◆ Directions for this task:
Nothing but the lines from the first line of the records below to the line holding "Integrator1 : Integrator" belongs in the answer, copied exactly and without pictures.

━━━━━ Records provided ━━━━━

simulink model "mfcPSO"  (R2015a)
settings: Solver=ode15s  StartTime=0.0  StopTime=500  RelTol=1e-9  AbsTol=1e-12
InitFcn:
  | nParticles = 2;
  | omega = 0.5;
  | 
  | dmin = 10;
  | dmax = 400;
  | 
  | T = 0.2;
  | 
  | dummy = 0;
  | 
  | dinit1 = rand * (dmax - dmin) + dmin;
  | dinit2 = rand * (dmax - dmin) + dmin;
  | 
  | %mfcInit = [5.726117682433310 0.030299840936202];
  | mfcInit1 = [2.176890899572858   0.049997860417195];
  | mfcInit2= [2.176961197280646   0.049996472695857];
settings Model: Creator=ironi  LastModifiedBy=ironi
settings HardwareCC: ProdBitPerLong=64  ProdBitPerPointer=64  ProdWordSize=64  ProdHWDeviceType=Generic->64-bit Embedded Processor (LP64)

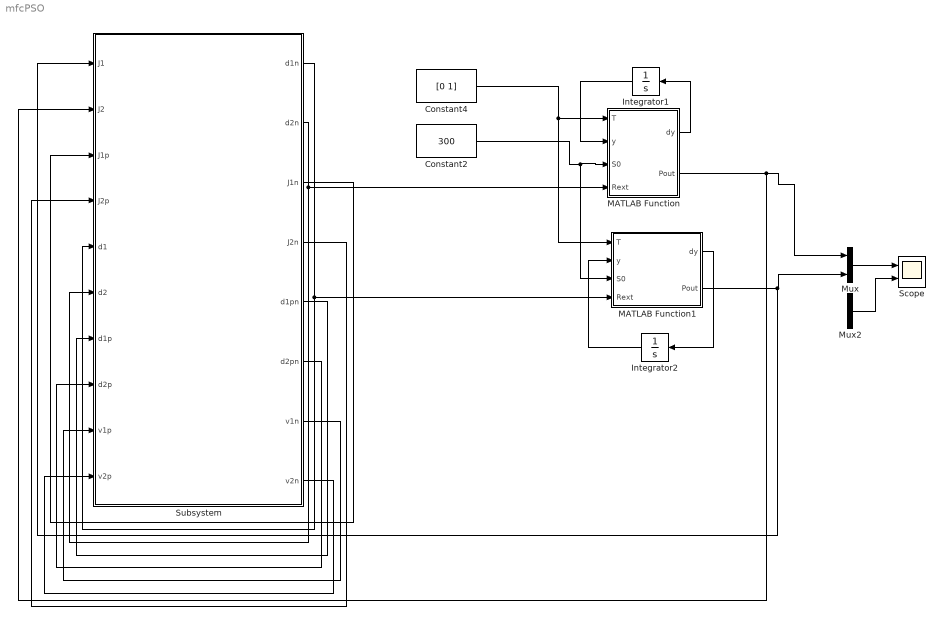
== system mfcPSO ==
  Constant2 : Constant  Value=300
  Constant4 : Constant  Value=[0 1]
  Integrator1 : Integrator  InitialCondition=mfcInit2
  Integrator2 : Integrator  InitialCondition=mfcInit1
  MATLAB Function : MATLAB Function  TreatAsAtomicUnit=on
  MATLAB Function1 : MATLAB Function  TreatAsAtomicUnit=on
  Mux : Mux  Inputs=2
  Mux2 : Mux  Inputs=2
  Scope : Scope  NumInputPorts=2
      settings: YMin=0.00172~147  YMax=0.001734~168
  Subsystem : Subsystem
  wires:
  Mux/1 -> Scope/1
  MATLAB Function/1(dy) -> Integrator1/1
  Mux2/1 -> Scope/2
  MATLAB Function1/2(Pout) -> Subsystem/1(J1), Mux/2
  MATLAB Function/2(Pout) -> Subsystem/2(J2), Mux/1
  Integrator1/1 -> MATLAB Function/2(y)
  MATLAB Function1/1(dy) -> Integrator2/1
  Constant4/1 -> MATLAB Function/1(T), MATLAB Function1/1(T)
  Constant2/1 -> MATLAB Function/3(S0), MATLAB Function1/3(S0)
  Integrator2/1 -> MATLAB Function1/2(y)
  Subsystem/1(d1n) -> MATLAB Function1/4(Rext), Subsystem/5(d1)
  Subsystem/2(d2n) -> MATLAB Function/4(Rext), Subsystem/6(d2)
  Subsystem/5(d1pn) -> Subsystem/7(d1p)
  Subsystem/6(d2pn) -> Subsystem/8(d2p)
  Subsystem/7(v1n) -> Subsystem/9(v1p)
  Subsystem/8(v2n) -> Subsystem/10(v2p)
  Subsystem/3(J1n) -> Subsystem/3(J1p)
  Subsystem/4(J2n) -> Subsystem/4(J2p)

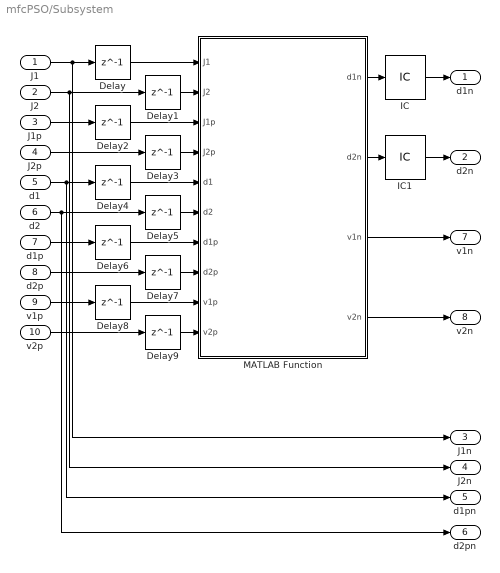
== system mfcPSO/Subsystem ==
  J1 : Inport
  J2 : Inport  Port=2
  J1p : Inport  Port=3
  J2p : Inport  Port=4
  d1 : Inport  Port=5
  d2 : Inport  Port=6
  d1p : Inport  Port=7
  d2p : Inport  Port=8
  v1p : Inport  Port=9
  v2p : Inport  Port=10
  Delay{,1..9} (10 alike) : Delay  DelayLength=1  InitialCondition=0  SampleTime=T
  IC : InitialCondition  Value=dinit1
  IC1 : InitialCondition  Value=dinit2
  MATLAB Function : MATLAB Function  TreatAsAtomicUnit=on
  d1n : Outport
  d2n : Outport  Port=2
  J1n : Outport  Port=3
  J2n : Outport  Port=4
  d1pn : Outport  Port=5
  d2pn : Outport  Port=6
  v1n : Outport  Port=7
  v2n : Outport  Port=8
  wires:
  J1/1 -> J1n/1, Delay/1
  MATLAB Function/2(d2n) -> IC1/1
  MATLAB Function/1(d1n) -> IC/1
  Delay/1 -> MATLAB Function/1(J1)
  Delay1/1 -> MATLAB Function/2(J2)
  Delay2/1 -> MATLAB Function/3(J1p)
  Delay3/1 -> MATLAB Function/4(J2p)
  Delay4/1 -> MATLAB Function/5(d1)
  Delay5/1 -> MATLAB Function/6(d2)
  Delay6/1 -> MATLAB Function/7(d1p)
  Delay7/1 -> MATLAB Function/8(d2p)
  Delay8/1 -> MATLAB Function/9(v1p)
  Delay9/1 -> MATLAB Function/10(v2p)
  IC/1 -> d1n/1
  IC1/1 -> d2n/1
  J2/1 -> J2n/1, Delay1/1
  J1p/1 -> Delay2/1
  J2p/1 -> Delay3/1
  d1/1 -> d1pn/1, Delay4/1
  d2/1 -> d2pn/1, Delay5/1
  d1p/1 -> Delay6/1
  d2p/1 -> Delay7/1
  v1p/1 -> Delay8/1
  v2p/1 -> Delay9/1
  MATLAB Function/3(v1n) -> v1n/1
  MATLAB Function/4(v2n) -> v2n/1

== matlab function mfcPSO/MATLAB Function1 ==
  data: T input; dy output; y input; dummy parameter; S0 input; Rext input; Pout output
function [dy, Pout]= mfcModelFast(T, y, dummy, S0, Rext)
F = 96485;%
R = 8.314472;%
T = 298.15;%
yield = 22.753;%
% Ych4 = .3;%
qmax_a = 8.484;%
qmax_m = 8.2;%
umax_a = 1.9753;%
umax_m = .1;%
Ks_a = 20;%
Ks_m = 80;%
m = 2;%
gamma = 663400;%
Mtotal = .05;%
Km = .2*Mtotal;%
% Kd_a = .02*umax_a;%
% Kd_m = .02*umax_m;%
Xmax = 512.5;%
Kx = .01*4;%
Rmin = 25;%
Rmax = 2000 + Rmin;%
Emin = .01;%
Emax = 0.25 + 0.4144+ Emin;%
Kr = .024;%

% i0ref=0.4*4;%

e = 0.0001*Mtotal;%

V = 0.2;%
Fin = 0.1527;%

D = Fin/V;

Xtot = 500;

Xeg = 250;

S   = y(1);
Mox = y(2);
xm = Xtot - Xeg;


%% Équations dynamiques
  
Mred = Mtotal - Mox;

Rint = Rmin + (Rmax - Rmin) * exp(-Kr*Xeg);                         % (22)
Eocv = Emin + (Emax - Emin) * exp(-1/(Kr*Xeg));                     % (23)

% alpha = 1/2*(1 + tanh(Kx*(Xeg + xm - Xmax)));                    % (9)

qa = qmax_a * S / (Ks_a + S) * Mox / (Km + Mox);                    % (15)
qm = qmax_m * S / (Ks_m + S);                                       % (16)

% ueg = umax_a * S / (Ks_a + S) * Mox / (Km + Mox);                    % (13)

% Imfc = (Eocv - n_conc) / (Rext + Rint) * Mred / (e + Mred);         % (21)
temp = Eocv - (R*T/m/F)*abs(log(complex(Mtotal/Mred)));
% Imfc = (Eocv - (R*T/m/F)*abs(log(complex(Mtotal/Mred))))/(Rext+Rint)*Mred/(e+Mred);
Imfc = temp/(Rext+Rint)*Mred/(e+Mred);

% Pout = ((Eocv - (R*T/m/F)*abs(log(complex(Mtotal/Mred))))*Mred/(e+Mred)-Rint*Imfc)*Imfc;
Pout = (temp*Mred/(e+Mred)-Rint*Imfc)*Imfc;

Sp = -qa*Xeg - qm*xm + D*(S0 - S);                                   % (6)
% Xap = ueg*xa - Kd_a*xa - alpha_a*D*xa;                               % (7)
% Xmp = um*xm - Kd_m*xm - alpha_m*D*xm;                               % (8)

Moxp = -yield*qa + gamma*Imfc / (m*F*V*Xeg) * 86400;                 % (12)

% if xa < 1 && Xap < 0
%   Xap = 0;
% end
% 
% if xm < 0.99 && Xmp < 0
%   Xmp = 0;
% end

% Pout = Rext*Imfc^2;

% dy = [Sp; Xap; Xmp; Moxp];
dy = [Sp; Moxp];

== matlab function mfcPSO/MATLAB Function ==
  data: T input; dy output; y input; dummy parameter; S0 input; Rext input; Pout output
function [dy, Pout]= mfcModelFast(T, y, dummy, S0, Rext)
F = 96485;%
R = 8.314472;%
T = 298.15;%
yield = 22.753;%
% Ych4 = .3;%
qmax_a = 8.484;%
qmax_m = 8.2;%
umax_a = 1.9753;%
umax_m = .1;%
Ks_a = 20;%
Ks_m = 80;%
m = 2;%
gamma = 663400;%
Mtotal = .05;%
Km = .2*Mtotal;%
% Kd_a = .02*umax_a;%
% Kd_m = .02*umax_m;%
Xmax = 512.5;%
Kx = .01*4;%
Rmin = 25;%
Rmax = 2000 + Rmin;%
Emin = .01;%
Emax = 0.25 + 0.4144+ Emin;%
Kr = .024;%

% i0ref=0.4*4;%

e = 0.0001*Mtotal;%

V = 0.2;%
Fin = 0.1527;%

D = Fin/V;

Xtot = 500;

Xeg = 250;

S   = y(1);
Mox = y(2);
xm = Xtot - Xeg;


%% Équations dynamiques
  
Mred = Mtotal - Mox;

Rint = Rmin + (Rmax - Rmin) * exp(-Kr*Xeg);                         % (22)
Eocv = Emin + (Emax - Emin) * exp(-1/(Kr*Xeg));                     % (23)

% alpha = 1/2*(1 + tanh(Kx*(Xeg + xm - Xmax)));                    % (9)

qa = qmax_a * S / (Ks_a + S) * Mox / (Km + Mox);                    % (15)
qm = qmax_m * S / (Ks_m + S);                                       % (16)

% ueg = umax_a * S / (Ks_a + S) * Mox / (Km + Mox);                    % (13)

% Imfc = (Eocv - n_conc) / (Rext + Rint) * Mred / (e + Mred);         % (21)
temp = Eocv - (R*T/m/F)*abs(log(complex(Mtotal/Mred)));
% Imfc = (Eocv - (R*T/m/F)*abs(log(complex(Mtotal/Mred))))/(Rext+Rint)*Mred/(e+Mred);
Imfc = temp/(Rext+Rint)*Mred/(e+Mred);

% Pout = ((Eocv - (R*T/m/F)*abs(log(complex(Mtotal/Mred))))*Mred/(e+Mred)-Rint*Imfc)*Imfc;
Pout = (temp*Mred/(e+Mred)-Rint*Imfc)*Imfc;

Sp = -qa*Xeg - qm*xm + D*(S0 - S);                                   % (6)
% Xap = ueg*xa - Kd_a*xa - alpha_a*D*xa;                               % (7)
% Xmp = um*xm - Kd_m*xm - alpha_m*D*xm;                               % (8)

Moxp = -yield*qa + gamma*Imfc / (m*F*V*Xeg) * 86400;                 % (12)

% if xa < 1 && Xap < 0
%   Xap = 0;
% end
% 
% if xm < 0.99 && Xmp < 0
%   Xmp = 0;
% end

% Pout = Rext*Imfc^2;

% dy = [Sp; Xap; Xmp; Moxp];
dy = [Sp; Moxp];

== matlab function mfcPSO/Subsystem/MATLAB Function ==
  data: J1 input; d1n output; J2 input; J1p input; J2p input; d1 input; d2 input; d1p input; d2p input; v1p input; v2p input; d2n output; v1n output; v2n output
function [d1n,d2n, v1n, v2n]= fcn(J1,J2,J1p,J2p,d1,d2,d1p,d2p,v1p,v2p)
%#codegen

dmin = 10;
dmax = 400;
omega = 0.5;

c1 = 2;
c2 = 3;

MaxOfUnits = max(J1,J2);

MaxVal1 = max(J1,J1p);
MaxVal2 = max(J2,J2p);

if MaxVal1 == J1
  Pbest1 = d1;
else
  Pbest1 = d1p;
end

if MaxVal2 == J2
  Pbest2 = d2;
else
  Pbest2 = d2p;
end

if MaxOfUnits == J1
  Gbest = d1;
else
  Gbest = d2;
end

v1 = (omega * v1p) + (c1*rand*(Pbest1-d1)) + (c2*rand*(Gbest-d1));
v2 = (omega * v2p) + (c1*rand*(Pbest2-d2)) + (c2*rand*(Gbest-d2));

d1n = d1 + v1;
if d1n > dmax
  d1n = dmax;
elseif d1n < dmin
  d1n = dmin;
end

d2n = d2 + v2;
if d2n > dmax
  d2n = dmax;
elseif d2n < dmin
  d2n = dmin;
end

━━━━━

◆ Result for this task:
simulink model "mfcPSO"  (R2015a)
settings: Solver=ode15s  StartTime=0.0  StopTime=500  RelTol=1e-9  AbsTol=1e-12
InitFcn:
  | nParticles = 2;
  | omega = 0.5;
  | 
  | dmin = 10;
  | dmax = 400;
  | 
  | T = 0.2;
  | 
  | dummy = 0;
  | 
  | dinit1 = rand * (dmax - dmin) + dmin;
  | dinit2 = rand * (dmax - dmin) + dmin;
  | 
  | %mfcInit = [5.726117682433310 0.030299840936202];
  | mfcInit1 = [2.176890899572858   0.049997860417195];
  | mfcInit2= [2.176961197280646   0.049996472695857];
settings Model: Creator=ironi  LastModifiedBy=ironi
settings HardwareCC: ProdBitPerLong=64  ProdBitPerPointer=64  ProdWordSize=64  ProdHWDeviceType=Generic->64-bit Embedded Processor (LP64)

== system mfcPSO ==
  Constant2 : Constant  Value=300
  Constant4 : Constant  Value=[0 1]
  Integrator1 : Integrator  InitialCondition=mfcInit2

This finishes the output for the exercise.